# AWS IAM Account for CloudWatch

# Overview

The following document describes the process of creating a read-only account used to query statistics from AWS CloudWatch API.

# Account Configuration

# Create User Group

Login into the AWS Console and locate IAM (Identity and Access Management) service under the Security, Identity and Compliance section.

Open the Groups menu and click Create New Group.

Specify group name, for example cloudwatch-ro-group.

# Create User

Open Users page and click Create New User.

Enter a user name such as cloudwatch-ro-user.

Generate access and secret keys for the user. Copy the keys for your reference.

The keys will be required for the AWS job in Axibase Collector.

# Add User To Group

Open Group page and click on Add Users to Group.

Add cloudwatch-ro-user to the cloudwatch-ro-group.

# Grant Permissions

Open the Group page and click Create Group Policy

Enter the following policy text in JSON format, click Validate Policy and save it.

{
    "Version": "2012-10-17",
    "Statement": [
        {
            "Action": [
                "cloudwatch:List*",
                "cloudwatch:Get*",
                "cloudwatch:Describe*",
                "ec2:Describe*",
                "autoscaling:Describe*",
                "route53:List*"
            ],
            "Effect": "Allow",
            "Resource": "*"
        }
    ]
}

The above policy grants users in the cloudwatch-ro-group permissions to execute various Get, List, and Describe API methods. This type of policy provides a read-only access.
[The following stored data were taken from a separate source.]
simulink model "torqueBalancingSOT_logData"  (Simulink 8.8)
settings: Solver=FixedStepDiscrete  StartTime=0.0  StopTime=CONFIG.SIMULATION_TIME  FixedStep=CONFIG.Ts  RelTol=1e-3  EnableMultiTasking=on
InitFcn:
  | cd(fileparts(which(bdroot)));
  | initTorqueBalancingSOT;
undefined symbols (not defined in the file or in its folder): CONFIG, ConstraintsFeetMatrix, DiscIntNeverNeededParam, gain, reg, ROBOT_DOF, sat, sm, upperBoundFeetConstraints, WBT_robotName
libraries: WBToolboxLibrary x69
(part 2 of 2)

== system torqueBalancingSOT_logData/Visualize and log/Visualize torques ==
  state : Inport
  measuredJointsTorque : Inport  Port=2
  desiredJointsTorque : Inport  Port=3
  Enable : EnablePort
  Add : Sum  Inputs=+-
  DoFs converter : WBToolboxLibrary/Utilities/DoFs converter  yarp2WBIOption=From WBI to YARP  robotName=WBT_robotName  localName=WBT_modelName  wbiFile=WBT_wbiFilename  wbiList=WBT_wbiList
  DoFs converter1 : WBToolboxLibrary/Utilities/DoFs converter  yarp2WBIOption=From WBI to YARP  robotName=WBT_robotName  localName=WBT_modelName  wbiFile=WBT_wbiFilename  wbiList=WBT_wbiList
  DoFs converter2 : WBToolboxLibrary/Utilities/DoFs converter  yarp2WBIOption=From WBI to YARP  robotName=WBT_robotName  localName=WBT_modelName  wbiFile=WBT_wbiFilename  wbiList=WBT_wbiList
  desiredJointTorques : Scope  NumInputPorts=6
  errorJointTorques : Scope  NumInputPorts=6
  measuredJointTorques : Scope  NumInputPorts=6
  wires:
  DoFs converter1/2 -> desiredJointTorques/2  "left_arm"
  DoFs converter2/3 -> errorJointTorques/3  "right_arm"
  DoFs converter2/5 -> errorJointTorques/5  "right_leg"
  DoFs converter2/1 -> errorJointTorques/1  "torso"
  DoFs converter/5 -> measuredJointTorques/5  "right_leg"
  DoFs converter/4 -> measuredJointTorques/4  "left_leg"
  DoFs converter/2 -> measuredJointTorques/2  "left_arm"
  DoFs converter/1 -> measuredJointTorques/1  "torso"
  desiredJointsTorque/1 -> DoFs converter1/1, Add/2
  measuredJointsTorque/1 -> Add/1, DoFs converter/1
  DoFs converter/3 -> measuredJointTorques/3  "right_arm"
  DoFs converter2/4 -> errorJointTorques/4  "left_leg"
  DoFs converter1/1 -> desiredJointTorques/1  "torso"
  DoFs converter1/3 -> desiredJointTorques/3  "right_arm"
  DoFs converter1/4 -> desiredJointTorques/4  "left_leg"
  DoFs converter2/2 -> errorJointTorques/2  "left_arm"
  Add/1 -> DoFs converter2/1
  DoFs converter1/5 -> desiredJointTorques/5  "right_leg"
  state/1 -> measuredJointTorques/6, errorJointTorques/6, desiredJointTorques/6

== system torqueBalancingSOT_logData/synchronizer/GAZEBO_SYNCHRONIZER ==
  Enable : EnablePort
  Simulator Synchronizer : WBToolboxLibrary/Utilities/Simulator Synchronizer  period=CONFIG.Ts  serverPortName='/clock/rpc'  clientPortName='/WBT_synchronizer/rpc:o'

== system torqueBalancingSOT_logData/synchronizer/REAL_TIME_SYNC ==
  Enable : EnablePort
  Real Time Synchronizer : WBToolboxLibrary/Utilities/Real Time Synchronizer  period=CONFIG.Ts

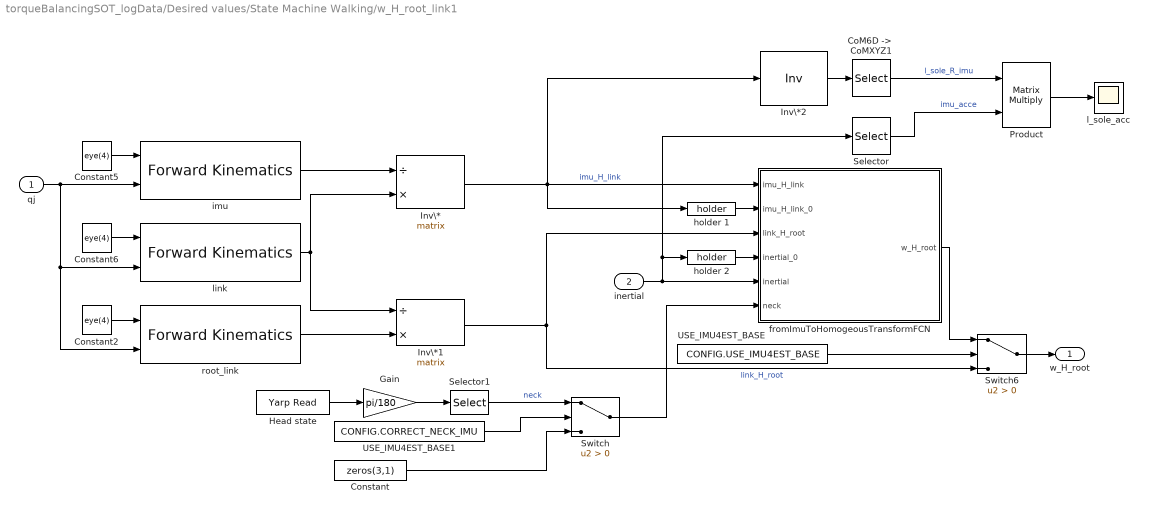
== system torqueBalancingSOT_logData/Desired values/State Machine Walking/w_H_root_link1 ==
  qj : Inport
  inertial : Inport  Port=2
  "CoM6D ->  CoMXYZ1" : Selector  NumberOfDimensions=2  InputPortWidth=7  IndexOptions=Index vector (dialog),Index vector (dialog)  Indices=[1 2 3],[1 2 3]  OutputSizes=1,1
  Constant : Constant  Value=zeros(3,1)
  Constant2 : Constant  Value=eye(4)
  Constant5 : Constant  Value=eye(4)
  Constant6 : Constant  Value=eye(4)
  Gain : Gain  Gain=pi/180
  Head state : WBToolboxLibrary/Utilities/Yarp Read  portName=[WBT_robotName, '/head/state:o']  signalSize=6  blocking=off  timestamp=off  autoconnect=on  errorOnConnection=off
  Inv\* : Product  Inputs=/*  Multiplication=Matrix(*)
  Inv\*1 : Product  Inputs=/*  Multiplication=Matrix(*)
  Inv\*2 : Product  Inputs=/  Multiplication=Matrix(*)
  Product : Product  Multiplication=Matrix(*)
  Selector : Selector  InputPortWidth=12  IndexOptions=Index vector (dialog)  Indices=[4 5 6 ]  OutputSizes=1
  Selector1 : Selector  InputPortWidth=6  IndexOptions=Index vector (dialog)  Indices=[1:3]  OutputSizes=1
  Switch : Switch  Criteria=u2 > Threshold
  Switch6 : Switch  Criteria=u2 > Threshold
  USE_IMU4EST_BASE : Constant  Value=CONFIG.USE_IMU4EST_BASE
  USE_IMU4EST_BASE1 : Constant  Value=CONFIG.CORRECT_NECK_IMU
  fromImuToHomogeousTransformFCN : MATLAB Function  TreatAsAtomicUnit=on
  holder 1 : WBToolboxLibrary/Utilities/holder 
  holder 2 : WBToolboxLibrary/Utilities/holder 
  imu : WBToolboxLibrary/wholeBodyModel/Kinematics/Forward Kinematics  frameName='imu_frame'  robotName=WBT_robotName  localName=WBT_modelName  wbiFile=WBT_wbiFilename  wbiList=WBT_wbiList
  l_sole_acc : Scope
  link : WBToolboxLibrary/wholeBodyModel/Kinematics/Forward Kinematics  frameName=link_name  robotName=WBT_robotName  localName=WBT_modelName  wbiFile=WBT_wbiFilename  wbiList=WBT_wbiList
  root_link : WBToolboxLibrary/wholeBodyModel/Kinematics/Forward Kinematics  frameName=FRAMES.BASE  robotName=WBT_robotName  localName=WBT_modelName  wbiFile=WBT_wbiFilename  wbiList=WBT_wbiList
  w_H_root : Outport
  wires:
  Constant5/1 -> imu/1
  Inv\*/1 -> Inv\*2/1, holder 1/1, fromImuToHomogeousTransformFCN/1(imu_H_link)  "imu_H_link"
  imu/1 -> Inv\*/1
  Constant6/1 -> link/1
  Inv\*1/1 -> Switch6/3, fromImuToHomogeousTransformFCN/3(link_H_root)  "link_H_root"
  link/1 -> Inv\*/2, Inv\*1/1
  inertial/1 -> Selector/1, holder 2/1, fromImuToHomogeousTransformFCN/5(inertial)
  Switch6/1 -> w_H_root/1
  USE_IMU4EST_BASE/1 -> Switch6/2
  fromImuToHomogeousTransformFCN/1(w_H_root) -> Switch6/1
  Constant2/1 -> root_link/1
  qj/1 -> root_link/2, link/2, imu/2
  root_link/1 -> Inv\*1/2
  holder 1/1 -> fromImuToHomogeousTransformFCN/2(imu_H_link_0)
  holder 2/1 -> fromImuToHomogeousTransformFCN/4(inertial_0)
  Inv\*2/1 -> "CoM6D ->  CoMXYZ1"/1
  "CoM6D ->  CoMXYZ1"/1 -> Product/1  "l_sole_R_imu"
  Selector/1 -> Product/2  "imu_acce"
  Product/1 -> l_sole_acc/1
  Head state/1 -> Gain/1
  Selector1/1 -> Switch/1  "neck"
  USE_IMU4EST_BASE1/1 -> Switch/2
  Switch/1 -> fromImuToHomogeousTransformFCN/6(neck)
  Gain/1 -> Selector1/1
  Constant/1 -> Switch/3

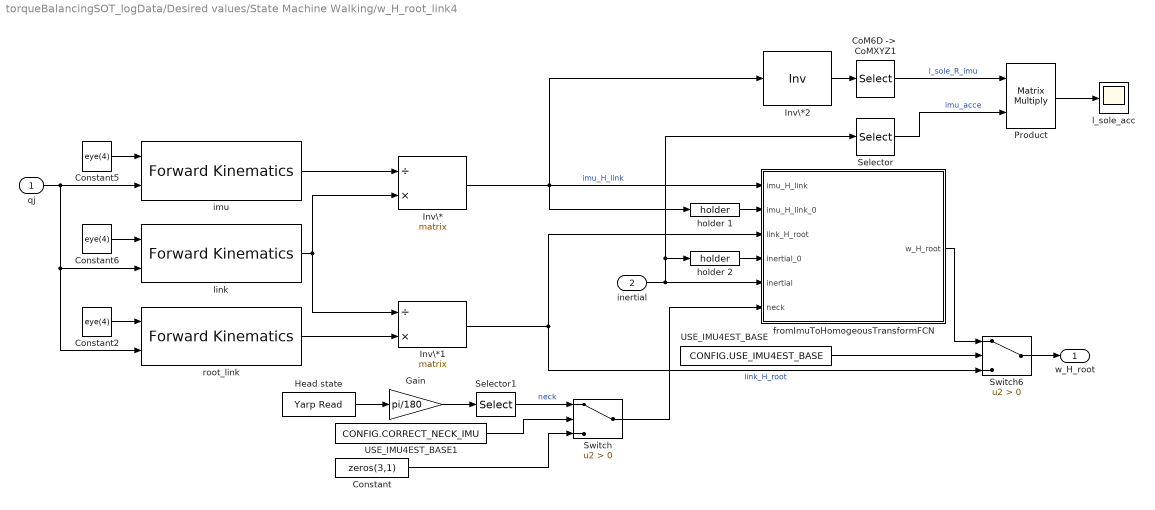
== system torqueBalancingSOT_logData/Desired values/State Machine Walking/w_H_root_link4 ==
  qj : Inport
  inertial : Inport  Port=2
  "CoM6D ->  CoMXYZ1" : Selector  NumberOfDimensions=2  InputPortWidth=7  IndexOptions=Index vector (dialog),Index vector (dialog)  Indices=[1 2 3],[1 2 3]  OutputSizes=1,1
  Constant : Constant  Value=zeros(3,1)
  Constant2 : Constant  Value=eye(4)
  Constant5 : Constant  Value=eye(4)
  Constant6 : Constant  Value=eye(4)
  Gain : Gain  Gain=pi/180
  Head state : WBToolboxLibrary/Utilities/Yarp Read  portName=[WBT_robotName, '/head/state:o']  signalSize=6  blocking=off  timestamp=off  autoconnect=on  errorOnConnection=off
  Inv\* : Product  Inputs=/*  Multiplication=Matrix(*)
  Inv\*1 : Product  Inputs=/*  Multiplication=Matrix(*)
  Inv\*2 : Product  Inputs=/  Multiplication=Matrix(*)
  Product : Product  Multiplication=Matrix(*)
  Selector : Selector  InputPortWidth=12  IndexOptions=Index vector (dialog)  Indices=[4 5 6 ]  OutputSizes=1
  Selector1 : Selector  InputPortWidth=6  IndexOptions=Index vector (dialog)  Indices=[1:3]  OutputSizes=1
  Switch : Switch  Criteria=u2 > Threshold
  Switch6 : Switch  Criteria=u2 > Threshold
  USE_IMU4EST_BASE : Constant  Value=CONFIG.USE_IMU4EST_BASE
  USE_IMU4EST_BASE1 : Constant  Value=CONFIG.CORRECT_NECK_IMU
simulink model "tqdtqr_rebuild_V3"  (R2021b)
settings: Solver=VariableStepAuto  StartTime=0.0  StopTime=10.0  RelTol=1e-3
undefined symbols (not defined in the file): ATQD_AfterTqMinGain_X_Deg, ATQD_APSCreepBaseTqD_X_kph, ATQD_APSCreepBaseTqD_Y_Deg, ATQD_APSCreepBaseTqR_X_kph, ATQD_APSCreepBaseTqR_Y_Deg, ATQD_APSCreepIterm_X_kph, ATQD_APSCreepIterm_Y_kph, ATQD_APSCreepPterm_X_kph, ATQD_APSCreepPterm_Y_kph, ATQD_APSDecReq_X_kph, ATQD_APSDecReq_Y_mps2, ATQD_APSDecReqCMD_X_kph, ATQD_APSDecReqTs_X_pct, ATQD_APSDecTimeGain_X_Deg, ATQD_APSDecTimeGain_Y_s, ATQD_APSReqLowSpd_X_Deg, ATQD_AutoHoldReleaseBPS_X_Deg, ATQD_AWDLoadTrqnsGain_X_kg, ATQD_AWDLoadTrqnsGain_Y_pct, ATQD_BOSEnBPSPosn_X_kph, ATQD_BOSMap_X_rpm, ATQD_BOSMap_Y_pct, ATQD_CreepBaseTqD_X_kph, ATQD_CreepBaseTqD_Y_Deg, ATQD_CreepBaseTqR_X_kph, ATQD_CreepBaseTqR_Y_Deg, ATQD_CreepBPSDisPosn_X_Deg, ATQD_CreepBPSDisPosnR_X_Deg, ATQD_CreepBPSEnPosn_X_Deg, ATQD_CreepBPSEnPosnR_X_Deg, ATQD_CreepDeltaTq_X_kph, ATQD_CreepIterm_X_kph, ATQD_CreepIterm_Y_kph, ATQD_CreepItermMaxLimit_X_pct, ATQD_CreepPreloadTime_X_kph, ATQD_CreepPreloadTq_X_kph, ATQD_CreepPreloadTq_Y_s, ATQD_CreepProtTq_X_Deg, ATQD_CreepPterm_X_kph, ATQD_CreepPterm_Y_kph, ATQD_CreepRrTqSpRat_X_rpm, ATQD_CreepRrTqSpRat_Y_Nm, ATQD_CreepTargetSpdD_X_pct, ATQD_CreepTargetSpdR_X_pct, ATQD_CreepUpLimitTq_X_rpm, ATQD_DecIneOPDHoldEnDelay_X_Deg, ATQD_DecIneOPDHoldEnDelay_Y_bar, ATQD_ECOTqMapD_X_rpm, ATQD_ECOTqMapD_Y_pct, ATQD_EMTqMapD_X_rpm, ATQD_EMTqMapD_Y_pct, ATQD_EOPDTqMapDCon_X_rpm, ATQD_EOPDTqMapDCon_Y_Deg, ATQD_EstInitVehWeight_X_c, ATQD_FAfterTqCMDGain_X_rpm, ATQD_FAfterTqCMDGain_Y_pct, ATQD_ForceLowSpd_X_Deg, ATQD_ForcePLimitSpd_X_Deg, ATQD_FrLossMAPLowV_X_rpm, ATQD_FrLossMAPLowV_Y_Nm ... (+949)
libraries: simulink x235, hcu_lib x208, tqr x63, tqd x6
(part 29 of 37)

== system tqdtqr_rebuild_V3/Input_Convert/Signal function/VehWeightEst/Calaulation/Rear Wheel Torque ==
  VINP_RrEDURealTMTq_Nm : Inport
  VTQD_VehWeightEstEn_flg : Inport  Port=2
  VTQD_VehWeightEstDis_flg : Inport  Port=3
  VTQD_VehWeightEstEnd_flg : Inport  Port=4
  task_time_s : Inport  Port=5
  AND : Logic  AllPortsSameDT=off  OutDataTypeStr=boolean
  AND1 : Logic  AllPortsSameDT=off  OutDataTypeStr=boolean
  AND2 : Logic  AllPortsSameDT=off  OutDataTypeStr=boolean
  Abs : Abs
  Add : Sum
  Add1 : Sum
  Add2 : Sum  Inputs=+-
  Constant1 : Constant  Value=ZERO_FLOAT
  Constant2 : Constant  Value=KTQD_VehWeighEstTime_s
  Constant3 : Constant  Value=ZERO_FLOAT
  Constant4 : Constant  Value=KTQD_VehWeighEstTimeTune_cnt
  Constant5 : Constant  Value=ZERO_FLOAT
  Constant6 : Constant  Value=KTQD_EstRrWhlTqDev_Nm
  Data Type Conversion : DataTypeConversion  OutDataTypeStr=uint8
  Delay : Delay  DelayLength=1  InitialCondition=boolean(0)
      settings: AttributesFormatString=%<InitialCondition>
  Delay1 : Delay  DelayLength=1  InitialCondition=single(0.0)
      settings: AttributesFormatString=%<InitialCondition>
  Delay2 : Delay  DelayLength=1
  Delay3 : Delay  DelayLength=1  InitialCondition=boolean(0)
      settings: AttributesFormatString=%<InitialCondition>
  Delay4 : Delay  DelayLength=1  InitialCondition=single(0.0)
      settings: AttributesFormatString=%<InitialCondition>
  Detect Decrease : simulink/Logic and Bit Operations/Detect Decrease  vinit=boolean(0)  OutDataTypeStr=boolean
  Detect Increase : simulink/Logic and Bit Operations/Detect Increase  vinit=boolean(0)  OutDataTypeStr=boolean
  Divide : Product  Inputs=*/
  Divide1 : Product  Inputs=*/
  Min : MinMax  Inputs=2
  NOT : Logic  Operator=NOT  AllPortsSameDT=off  OutDataTypeStr=boolean
  NOT1 : Logic  Operator=NOT  AllPortsSameDT=off  OutDataTypeStr=boolean
  Relational Operator : RelationalOperator  Operator=<=  OutDataTypeStr=boolean  RndMeth=Simplest
  Switch : Switch  Criteria=u2 ~= 0
  Switch1 : Switch  Criteria=u2 ~= 0
  Switch2 : Switch  Criteria=u2 > Threshold
  Switch3 : Switch  Criteria=u2 ~= 0
      settings: AttributesFormatString=%<Criteria>
  Terminator : Terminator
  VTQD_EstRrRealTqAvg_Nm : Outport
  VTQD_EstRrRealTqCheckPass_flg : Outport  Port=2
  wires:
  [VTQD_EstRrRealTqAvg_Nm] -> VTQD_EstRrRealTqAvg_Nm/1
  [VTQD_EstRrRealTqCheckPass_flg] -> VTQD_EstRrRealTqCheckPass_flg/1
  Constant4/1 -> Add1/2
  [VINP_RrEDURealTMTq_Nm] -> Min/1
  Delay1/1 -> Add/2
  Constant3/1 -> Switch2/1
  [VTQD_VehWeightEstEn_flg] -> AND/1
  Divide1/1 -> [VTQD_EstRrRealTqAvg_Nm]  "VTQD_EstRrRealTqAvg_Nm"
  Switch/1 -> Add/1
  [VTQD_EstRrRealTqSum_Nm] -> Divide1/1
  [VTQD_VehWeightEstEn_flg] -> Detect Decrease/1
  AND/1 -> Switch/2
  Constant1/1 -> Switch/3
  [VTQD_VehWeightEstEn_flg] -> Detect Increase/1
  Relational Operator/1 -> AND1/2
  Add/1 -> Switch1/3
  Constant6/1 -> Relational Operator/2
  [VTQD_EstRrRealTqAvg_Nm] -> Add2/1
  [VINP_RrEDURealTMTq_Nm] -> Switch/1
  NOT/1 -> AND/2
  Constant5/1 -> Switch1/1
  Switch1/1 -> [VTQD_EstRrRealTqSum_Nm], Delay1/1  "VTQD_EstRrRealTqSum_Nm"
  Switch2/1 -> Delay4/1, [VTQD_EstRrRealTqMin_Nm]  "VTQD_EstRrRealTqMin_Nm"
  Constant2/1 -> Divide/1
  [VTQD_EstRrRealTqMin_Nm] -> Add2/2
  [VTQD_VehWeightEstDis_flg] -> Delay/1
  Delay2/1 -> Min/2
  [VTQD_EstRrRealTqMin_Nm] -> Delay2/1
  [task_time_s] -> Divide/2
  Detect Increase/1 -> Switch2/2
  Delay/1 -> NOT/1
  Abs/1 -> Relational Operator/1
  Add2/1 -> Abs/1
  [VTQD_VehWeightEstDis_flg] -> AND1/1
  AND1/1 -> [VTQD_EstRrRealTqCheckPass_flg]  "VTQD_EstRrRealTqCheckPass_flg"
  VINP_RrEDURealTMTq_Nm/1 -> [VINP_RrEDURealTMTq_Nm]
  VTQD_VehWeightEstEn_flg/1 -> [VTQD_VehWeightEstEn_flg]
  VTQD_VehWeightEstDis_flg/1 -> [VTQD_VehWeightEstDis_flg]
  VTQD_VehWeightEstEnd_flg/1 -> Terminator/1
  task_time_s/1 -> [task_time_s]
  Add1/1 -> Divide1/2  "VTQD_EstCycleCount_cnt"
  Divide/1 -> Data Type Conversion/1
  Data Type Conversion/1 -> Add1/1
  [VTQD_VehWeightEstEn_flg] -> AND2/1
  NOT1/1 -> AND2/2
  Delay3/1 -> NOT1/1
  [VTQD_VehWeightEstDis_flg] -> Delay3/1
  AND2/1 -> Switch3/2
  Min/1 -> Switch3/1
  Switch3/1 -> Switch2/3
  Delay4/1 -> Switch3/3
  Detect Decrease/1 -> Switch1/2

== system tqdtqr_rebuild_V3/Input_Convert/Signal function/VehWeightEst/Calaulation/Vehicle Weight ==
  VTQD_EstFrRealTqAvg_Nm : Inport
  VTQD_EstRrRealTqAvg_Nm : Inport  Port=2
  VTQD_EstLongAccAvg_Gps : Inport  Port=3
  VINP_VehSpeed_kph : Inport  Port=4
  Add : Sum  Inputs=+++
  Add1 : Sum
  Add2 : Sum
  Add3 : Sum
  Constant1 : Constant  Value=KTQD_RrTMTotalGearRatio_gain
  Constant10 : Constant  Value=KTQR_FrTMGearEff_c
  Constant11 : Constant  Value=KTQR_RrTMGearEff_c
  Constant12 : Constant  Value=MINUSONE_FLOAT
  Constant13 : Constant  Value=KTQD_GravityValue_mps2
  Constant2 : Constant  Value=KTQD_FrTMTotalGearRatio_gain
  Constant3 : Constant  Value=MINUSONE_FLOAT
  Constant4 : Constant  Value=MINUSONE_FLOAT
  Constant5 : Constant  Value=KTQD_FrTireRadius_m
  Constant6 : Constant  Value=KTQD_RrTireRadius_m
  Constant7 : Constant  Value=KTQD_EstRollCoeffA_c
  Constant8 : Constant  Value=KTQD_EstRollCoeffB_c
  Constant9 : Constant  Value=KTQD_EstRollCoeffC_c
  Divide : Product  Inputs=*/
  Divide1 : Product  Inputs=*/
  Divide2 : Product  Inputs=*/
  Product{,3..5} (4 alike) : Product
  Product1 : Product  Inputs=3
  Product2 : Product  Inputs=3
  Product6 : Product  Inputs=3
  Square : Math  Operator=square  SaturateOnIntegerOverflow=on
  VTQD_EstVehWeight_kg : Outport
  wires:
  [VINP_VehSpeed_kph] -> Square/1
  Divide/1 -> Add1/1  "VTQD_EstFrForce_N"
  Product2/1 -> Divide2/1  "VTQD_EstRrWhlTqAvg_Nm"
  [VINP_VehSpeed_kph] -> Product/2
  Constant6/1 -> Divide2/2
  Product1/1 -> Divide/1  "VTQD_EstFrWhlTqAvg_Nm"
  Constant2/1 -> Product1/2
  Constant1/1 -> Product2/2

The cloudwatch: actions are required to list available CloudWatch metrics and download statistics, whereas actions for the other namespaces are required to download AWS resource attributes and relationships and store them as metadata in ATSD.

To simplify configuration, use wildcards to grant multiple actions using prefix matching. For example, specify route53:List* action instead of route53:ListHealthChecks and route53:ListTagsForResources.

Sample namespace-specific actions:

• ec2:DescribeInstances
• ec2:DescribeVolumes
• autoscaling:DescribeScalingPlans
• autoscaling:DescribeScalingPlanResources
• route53:ListTagsForResources
• route53:ListHealthChecks

You can now query Amazon CloudWatch APIs with the new user account, access key, and secret key.